Warum man seine Zielgruppen kennen sollte. Teil 1

Legen Sie den perfekten Köder für Ihre anvisierte Zielgruppe!

Legen Sie den perfekten Köder für Ihre anvisierte Zielgruppe!

…oder: SEO ist mehr als Onsite-Optimierung und Verlinkung

Kennen Sie die folgende Situation: In Ihrer Nachbarschaft steht ein Ladengeschäft bereits seit mehreren Monaten leer, das „Zu vermieten“-Schild scheint langsam schon staubig und verblasst, als von einem Tag auf den anderen sich ein neuer Mieter ankündigt: Es wird geputzt, gemalert und gehämmert, kurz: Der Laden ist vermietet. Sie malen sich nun schon aus, welches nette Cafe, welches Sushirestaurant oder welche geschmackvolle Bar die Infrastruktur des bürgerlich-akademischen Innenstadtviertels, in dem zumeist gut verdienende Menschen in sanierten Altbauwohnungen leben, bald verbessern wird.

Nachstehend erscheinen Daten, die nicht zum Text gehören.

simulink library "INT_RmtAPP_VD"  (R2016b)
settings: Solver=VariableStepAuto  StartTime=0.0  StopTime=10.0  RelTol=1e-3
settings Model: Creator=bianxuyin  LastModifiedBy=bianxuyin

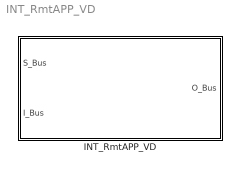
== system INT_RmtAPP_VD ==
  INT_RmtAPP_VD : Subsystem

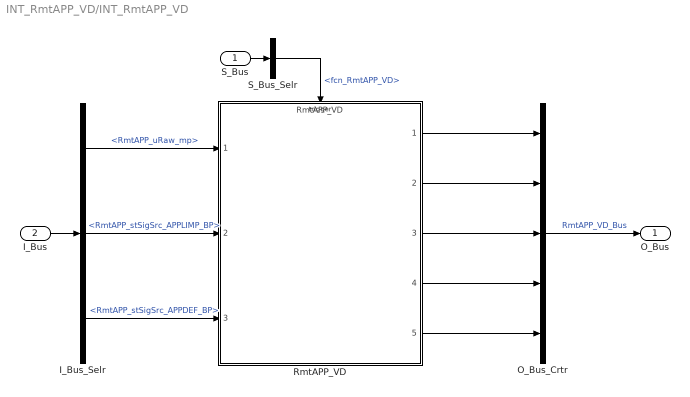
== system INT_RmtAPP_VD/INT_RmtAPP_VD ==
  S_Bus : Inport
  I_Bus : Inport  Port=2
  I_Bus_Selr : BusSelector  OutputSignals=RmtAPP_uRaw_mp,RmtAPP_stSigSrc_APPLIMP_BP,RmtAPP_stSigSrc_APPDEF_BP
  O_Bus_Crtr : BusCreator  Inputs=5
  RmtAPP_VD : ModelReference  ModelNameDialog=RmtAPP_VD  SimulationMode=Normal  ModelReferenceVersion=1.12  TriggerPortName=function  TriggerPortTriggerType=function-call  TriggerPortStatesWhenEnabling=held
  S_Bus_Selr : BusSelector  OutputSignals=fcn_RmtAPP_VD
  O_Bus : Outport
  wires:
  S_Bus_Selr/1 -> RmtAPP_VD/Trigger  "<fcn_RmtAPP_VD>"
  S_Bus/1 -> S_Bus_Selr/1
  I_Bus/1 -> I_Bus_Selr/1
  I_Bus_Selr/1 -> RmtAPP_VD/1  "<RmtAPP_uRaw_mp>"
  I_Bus_Selr/2 -> RmtAPP_VD/2  "<RmtAPP_stSigSrc_APPLIMP_BP>"
  I_Bus_Selr/3 -> RmtAPP_VD/3  "<RmtAPP_stSigSrc_APPDEF_BP>"
  O_Bus_Crtr/1 -> O_Bus/1  "RmtAPP_VD_Bus"
  RmtAPP_VD/1 -> O_Bus_Crtr/1
  RmtAPP_VD/2 -> O_Bus_Crtr/2
  RmtAPP_VD/3 -> O_Bus_Crtr/3
  RmtAPP_VD/4 -> O_Bus_Crtr/4
  RmtAPP_VD/5 -> O_Bus_Crtr/5

Doch dann kommt der Tag der Eröffnung, und vor dem Laden prangen Schilder wie „2 Wiener Würste für 90 Cent“ oder „Bockwurst mit Kaffee für 1,50“. Sie wissen genau, dass dieser Laden bei den gesundheitsbewussten Bioladenkunden Ihrer Nachbarschaft nicht gut ankommen wird.
Ein  halbes Jahr später schließt der Imbiss, vermutlich nicht ohne dem Besitzer einen Haufen Schulden hinterlassen zu haben. Zerplatzte Träume sind die traurige Konsequenz solch unbedachten Handelns.

Genau wie im „realen“ Geschäftsleben ist auch im Internet die Lage, das Design, die richtige Ansprache der Zielgruppe und die richtige Taktik von großer Bedeutung für den geschäftlichen Erfolg. Doch verhält es sich in der Onlinewelt umgekehrt wie in der Welt der Ladengeschäfte: Erst durch das richtige Design, die richtige Zielgruppenansprache und die Taktik (sprich: Alleinstellungsmerkmal, technische und inhaltliche Gestaltung der Website etc.) kommt man zu einer guten „Lage“ im Google-Ranking.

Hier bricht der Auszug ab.